Ukraine is also developing its own missiles; if it has enough it could threaten Russia’s refineries, infrastructure and military targets with devastating strikes if Moscow attacks again.
Earlier promises by Ukraine’s Fire Point defense company — to produce about 200 Flamingo FP-5 missiles a month, each with a 1,150 kilogram warhead and a 3,000-kilometer range — haven’t panned out, although some have been used to hit Russian targets.
But Ukraine has other cruise missiles and long-range drones that could hit targets deep inside Russia. It is also working on a tactical ballistic missile with a 500-km range carrying a 200 kg warhead together with the U.K.
All of that requires a robust defense industry and healthy public finances.
Last year, Ukrainian defense companies had the capacity to produce about $35 billion worth of kit, but Kyiv’s cash-strapped government was only able to issue contracts for about $12 billion, said Fedirko.

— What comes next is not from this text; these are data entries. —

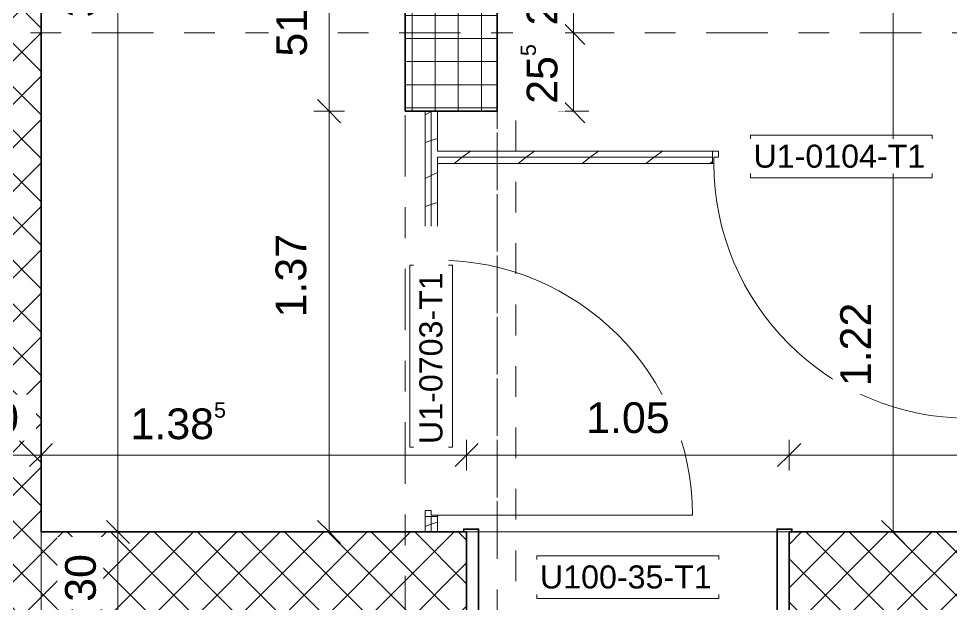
# Model space of a CAD drawing. Header units: metres. Extents: x -85.4 to -16.9, y -4 to 38.1.
# Drawn here: x -32.481 to -29.445, y 18.036 to 19.943 of the extents above; entities that cross this region are included whole.
import ezdxf

# ---------------------------------------------------------------- set-up
doc = ezdxf.new("R2010")
doc.units = ezdxf.units.M
for name, pattern in [('_Rasterlinie_', [0.375, 0.2, -0.05, 0.075, -0.05]), ('Grundrissdarstellung Sturz', [0.25, 0.15, -0.05, 0, -0.05]), ('Strichpunkt - Fein', [0.2, 0.1, -0.05, 0, -0.05])]:
    doc.linetypes.add(name, pattern=pattern)
for name, color, linetype, lineweight in [('A-____-____-DIMS', 7, 'Continuous', 5), ('A-____-____-DIMS-50', 7, 'Continuous', 5), ('A-DOOR-____-IDEN', 7, 'Continuous', 5), ('A-DOOR-____-OTLN', 7, 'Continuous', 9), ('A-DOOR-FRAM-MCUT', 7, 'Continuous', 9), ('A-DOOR-OPNG-OTLN', 7, 'Continuous', 9), ('A-FLOR-____-OTLN', 7, 'Continuous', 9), ('A-FLOR-____-OVHD', 7, 'Strichpunkt - Fein', 9), ('A-WALL-____-MCUT', 7, 'Continuous', 35), ('A-WALL-____-PATT', 7, 'Continuous', 35), ('A-WALL-FNSH-MCUT', 7, 'Continuous', 35), ('S-COLS-____-MCUT', 7, 'Continuous', 35), ('S-COLS-____-OTLN', 7, 'Continuous', 9), ('S-GRID-____-OTLN', 7, 'Continuous', 5)]:
    doc.layers.add(name, color=color, linetype=linetype, lineweight=lineweight)
doc.styles.add('Arial_1', font='arial.ttf', dxfattribs={"height": 0.075})
doc.styles.add('Arial_2', font='arial.ttf', dxfattribs={"height": 0.1})
doc.dimstyles.new('SUB_Rohbau_fein', dxfattribs={"dimscale": 0.3048, "dimtxt": 0.102026, "dimasz": 0.246063, "dimexe": 0.164042, "dimexo": 0.0625, "dimgap": 0.123031, "dimtad": 1, "dimrnd": 0.005, "dimzin": 0, "dimdsep": 46, "dimtxsty": 'Arial_2', "dimblk1": 'OBLIQUE', "dimblk2": 'OBLIQUE', "dimsah": 1, "dimcen": 0.09, "dimazin": 0, "dimtfac": 1, "dimtdec": 4, "dimtix": 1, "dimtmove": 0, "dimatfit": 3, "dimfxl": 0.164042, "dimfxlon": 1, "dimtvp": 1, "dimtfill": 1, "dimtolj": 1, "dimtzin": 0, "dimarcsym": 2})
doc.dimstyles.new('SUB_Rohbau_fein_1', dxfattribs={"dimscale": 0.3048, "dimtxt": 0.102026, "dimasz": 0.246063, "dimexe": 0.164042, "dimexo": 0.0625, "dimgap": 0.123031, "dimtad": 1, "dimrnd": 0.005, "dimzin": 0, "dimdsep": 46, "dimtxsty": 'Arial_2', "dimblk1": 'OBLIQUE', "dimblk2": 'OBLIQUE', "dimsah": 1, "dimcen": 0.09, "dimazin": 0, "dimtfac": 1, "dimtdec": 4, "dimtix": 1, "dimtmove": 2, "dimatfit": 3, "dimfxl": 0.164042, "dimfxlon": 1, "dimtvp": 1, "dimtfill": 1, "dimtolj": 1, "dimtzin": 0, "dimarcsym": 2})
doc.dimstyles.new('SUB_Rohbau_fein_2', dxfattribs={"dimscale": 0.3048, "dimtxt": 0.102026, "dimasz": 0.246063, "dimexe": 0.164042, "dimexo": 0.0625, "dimgap": 0.123031, "dimtad": 1, "dimdec": 1, "dimlfac": 100, "dimrnd": 0.5, "dimdsep": 46, "dimtxsty": 'Arial_2', "dimblk1": 'OBLIQUE', "dimblk2": 'OBLIQUE', "dimsah": 1, "dimcen": 0.09, "dimazin": 0, "dimtfac": 1, "dimtdec": 4, "dimtix": 1, "dimtmove": 0, "dimatfit": 3, "dimfxl": 0.164042, "dimfxlon": 1, "dimtvp": 1, "dimtfill": 1, "dimtolj": 1, "dimtzin": 0, "dimarcsym": 2})
doc.dimstyles.new('SUB_Rohbau_fein_mit_Höhe_2', dxfattribs={"dimscale": 0.3048, "dimtxt": 0.102026, "dimasz": 0.246063, "dimexe": 0.164042, "dimexo": 0.0625, "dimgap": 0.123031, "dimtad": 1, "dimdec": 1, "dimlfac": 100, "dimrnd": 0.5, "dimdsep": 46, "dimtxsty": 'Arial_2', "dimblk1": 'OBLIQUE', "dimblk2": 'OBLIQUE', "dimsah": 1, "dimcen": 0.09, "dimazin": 0, "dimtfac": 1, "dimtdec": 4, "dimtix": 1, "dimtmove": 0, "dimatfit": 3, "dimfxl": 0.164042, "dimfxlon": 1, "dimtvp": 1, "dimtfill": 1, "dimtolj": 1, "dimtzin": 0, "dimarcsym": 2})
doc.dimstyles.new('SUB_Rohbau_fein_mit_Höhe_3', dxfattribs={"dimscale": 0.3048, "dimtxt": 0.102026, "dimasz": 0.246063, "dimexe": 0.164042, "dimexo": 0.0625, "dimgap": 0.123031, "dimtad": 1, "dimrnd": 0.005, "dimzin": 0, "dimdsep": 46, "dimtxsty": 'Arial_2', "dimblk1": 'OBLIQUE', "dimblk2": 'OBLIQUE', "dimsah": 1, "dimcen": 0.09, "dimazin": 0, "dimtfac": 1, "dimtdec": 4, "dimtix": 1, "dimtmove": 2, "dimatfit": 3, "dimfxl": 0.164042, "dimfxlon": 1, "dimtvp": 1, "dimtfill": 1, "dimtolj": 1, "dimtzin": 0, "dimarcsym": 2})
pattern_1 = [(45, (-1.5, -0.67223), (-0.07071068, 0.07071068), []), (135, (-1.5, -0.67223), (-0.07071068, -0.07071068), [])]
pattern_2 = [(216.87, (-1.417, -0.46398), (0.624749256, 0.416501116), [0.10412, -0.93712]), (206.565, (-1.292, -0.52646), (-0.20825414, -0.2082493), [0.23283, -0.23283]), (198.435, (-1.292, -0.63058), (-0.41650024, -0.20824584), [0.13171, -0.52684])]

# ---------------------------------------------------------------- blocks, each defined once
blk = doc.blocks.new('TU DF 1 - Stahlzarge - stumpf einschlagend - ML - 1050 x 2140 - EI30-31610273--01_UG_OK_FFB_AF_lo')
at = {"layer": 'A-DOOR-____-OTLN', "linetype": 'Grundrissdarstellung Sturz'}
for p, q in [((-0.525, 0.15), (0.525, 0.15)), ((-0.525, -0.15), (0.525, -0.15))]:
    blk.add_line(p, q, dxfattribs=at)
at = {"layer": 'A-DOOR-FRAM-MCUT'}
for p, q in [((-0.5, 0.16), (-0.535, 0.16)), ((-0.535, 0.16), (-0.535, 0.15)), ((-0.533, 0.15), (-0.533, 0.158)), ((-0.533, 0.158), (-0.502, 0.158)), ((-0.502, 0.158), (-0.502, 0.108)), ((-0.5, 0.11), (-0.5, 0.16)), ((0.535, 0.16), (0.5, 0.16)), ((0.5, 0.16), (0.5, 0.11)), ((0.502, 0.108), (0.502, 0.158)), ((0.502, 0.158), (0.533, 0.158)), ((0.533, 0.158), (0.533, 0.15)), ((0.535, 0.15), (0.535, 0.16)), ((-0.502, 0.108), (-0.487, 0.108)), ((-0.485, 0.11), (-0.5, 0.11)), ((-0.487, 0.108), (-0.487, -0.158)), ((-0.485, -0.16), (-0.485, 0.11)), ((0.5, 0.11), (0.485, 0.11)), ((0.485, 0.11), (0.485, -0.16)), ((0.487, -0.158), (0.487, 0.108)), ((0.487, 0.108), (0.502, 0.108)), ((-0.535, -0.15), (-0.535, -0.16)), ((-0.533, -0.158), (-0.533, -0.15)), ((0.533, -0.15), (0.533, -0.158)), ((0.535, -0.16), (0.535, -0.15)), ((-0.535, -0.16), (-0.485, -0.16)), ((-0.487, -0.158), (-0.533, -0.158)), ((0.485, -0.16), (0.535, -0.16)), ((0.533, -0.158), (0.487, -0.158))]:
    blk.add_line(p, q, dxfattribs=at)
at = {"layer": 'A-DOOR-OPNG-OTLN'}
blk.add_line((0.5, 0.16), (0.5, 1.16), dxfattribs=at)
blk.add_arc((0.5, 0.16), 1, 90, 180, dxfattribs=at)
blk = doc.blocks.new('TU DF 1 - Rahmenstock - stumpf einschlagend - 800x1900 Kellerabteil-V21--01_UG_OK_FFB_AF_lo')
at = {"layer": 'A-DOOR-FRAM-MCUT', "color": 253, "true_color": 0x999999}
for p, q in [((-0.42, 0.02), (-0.4, 0.02)), ((-0.4, 0.02), (-0.4, 0)), ((0.4, 0.02), (0.42, 0.02)), ((0.4, 0), (0.4, 0.02)), ((-0.415, -0.02), (-0.42, -0.02)), ((-0.415, 0), (-0.415, -0.02)), ((-0.4, 0), (-0.415, 0)), ((0.415, 0), (0.4, 0)), ((0.415, -0.02), (0.415, 0)), ((0.42, -0.02), (0.415, -0.02))]:
    blk.add_line(p, q, dxfattribs=at)
at = {"layer": 'A-DOOR-OPNG-OTLN', "color": 253, "true_color": 0x999999}
blk.add_line((0.415, -0.02), (0.415, -0.85), dxfattribs=at)
blk.add_arc((0.415, -0.02), 0.83, 180, 270, dxfattribs=at)
blk = doc.blocks.new('TU DF 1 - Rahmenstock - stumpf einschlagend - 800x1900 Kellerabteil-V22--01_UG_OK_FFB_AF_lo')
at = {"layer": 'A-DOOR-FRAM-MCUT', "color": 253, "true_color": 0x999999}
for p, q in [((-0.415, 0.02), (-0.42, 0.02)), ((-0.415, 0), (-0.415, 0.02)), ((-0.4, 0), (-0.415, 0)), ((-0.4, -0.02), (-0.4, 0)), ((0.415, 0), (0.4, 0)), ((0.4, 0), (0.4, -0.02)), ((0.42, 0.02), (0.415, 0.02)), ((0.415, 0.02), (0.415, 0)), ((-0.42, -0.02), (-0.4, -0.02)), ((0.4, -0.02), (0.42, -0.02))]:
    blk.add_line(p, q, dxfattribs=at)
at = {"layer": 'A-DOOR-OPNG-OTLN', "color": 253, "true_color": 0x999999}
blk.add_line((0.415, 0.02), (0.415, 0.85), dxfattribs=at)
blk.add_arc((0.415, 0.02), 0.83, 90, 180, dxfattribs=at)
blk = doc.blocks.new('DIMBLOCK24--01_UG_OK_FFB_AF_lo')
at = {"layer": 'A-____-____-DIMS-50'}
for p, q in [((-32.158, 18.2716), (-32.1955, 18.3091)), ((-32.158, 18.2716), (-32.208, 18.2716)), ((-32.158, 17.9716), (-32.158, 18.2716)), ((-32.158, 18.2716), (-32.1205, 18.2341)), ((-32.158, 18.2716), (-32.108, 18.2716)), ((-32.158, 17.9716), (-32.1955, 18.0091)), ((-32.158, 17.9716), (-32.208, 17.9716)), ((-32.158, 17.9716), (-32.1205, 17.9341)), ((-32.158, 17.9716), (-32.108, 17.9716))]:
    blk.add_line(p, q, dxfattribs=at)
at = {"layer": 'A-____-____-DIMS-50', "color": 0, "insert": (-32.33, 18.044), "char_height": 0.1, "width": 0.186088, "attachment_point": 1, "rotation": 90, "line_spacing_factor": 0.941778, "style": 'Arial_2', "bg_fill": 3, "box_fill_scale": 1.25, "bg_fill_color": 256, "bg_fill_true_color": 13158600, "bg_fill_transparency": 0}
blk.add_mtext('30', dxfattribs=at)
blk = doc.blocks.new('_Oblique')
at = {"color": 0, "linetype": 'ByBlock', "lineweight": -2}
blk.add_line((-0.5, -0.5), (0.5, 0.5), dxfattribs=at)
blk = doc.blocks.new('DIMBLOCK25--01_UG_OK_FFB_AF_lo')
at = {"layer": 'A-____-____-DIMS-50'}
for p, q in [((-32.158, 21.7116), (-32.1955, 21.7491)), ((-32.158, 21.7116), (-32.208, 21.7116)), ((-32.158, 18.2716), (-32.158, 21.7116)), ((-32.158, 21.7116), (-32.1205, 21.6741)), ((-32.158, 21.7116), (-32.108, 21.7116)), ((-32.158, 18.2716), (-32.1955, 18.3091)), ((-32.158, 18.2716), (-32.208, 18.2716)), ((-32.158, 18.2716), (-32.1205, 18.2341)), ((-32.158, 18.2716), (-32.108, 18.2716))]:
    blk.add_line(p, q, dxfattribs=at)
at = {"layer": 'A-____-____-DIMS-50', "color": 0, "insert": (-32.33, 19.9467), "char_height": 0.1, "width": 0.325653, "attachment_point": 1, "rotation": 90, "line_spacing_factor": 0.941778, "style": 'Arial_2', "bg_fill": 3, "box_fill_scale": 1.25, "bg_fill_color": 256, "bg_fill_true_color": 13158600, "bg_fill_transparency": 0}
blk.add_mtext('3.44', dxfattribs=at)
blk = doc.blocks.new('DIMBLOCK80--01_UG_OK_FFB_AF_lo')
at = {"layer": 'A-____-____-DIMS-50'}
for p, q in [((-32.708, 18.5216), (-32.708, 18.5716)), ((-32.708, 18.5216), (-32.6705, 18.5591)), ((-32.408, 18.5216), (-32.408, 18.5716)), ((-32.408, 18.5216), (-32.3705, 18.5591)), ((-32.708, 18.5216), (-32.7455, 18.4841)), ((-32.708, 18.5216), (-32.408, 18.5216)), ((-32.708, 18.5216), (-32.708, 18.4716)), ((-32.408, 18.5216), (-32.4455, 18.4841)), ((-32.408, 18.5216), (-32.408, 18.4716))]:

“Up to 60 percent of capacity remains underutilized. Without long-term contracts, predictable financing, protected production sites, automation where feasible, and a domestic testing base, serial production cannot be sustained,” he said.
As well as equipping its own forces, Ukraine is hoping to export weapons, something current wartime rules make difficult.
The EU’s new defense spending initiatives, like the €150 billion SAFE loans-for-weapons program, are open to Ukrainian industries. The bloc is also planning to issue Ukraine a €90 billion loan, two-thirds of which will go for defense.
Legally binding security agreements with the United States and European states, as well as the potential presence of a “coalition of the willing” multinational force, are big issues in ongoing peace talks.
“However, they are largely seen as complementary to Ukraine’s own army rather than a substitute for them,” Getmanchuk said.
For Ukrainian President Volodymyr Zelenskyy, that means building up Ukraine’s own defense capabilities to deter Russia.
“With such a neighbor, Ukrainians must be as effective masters of the defense of their state, so that Ukraine is always independent and free from Russia.”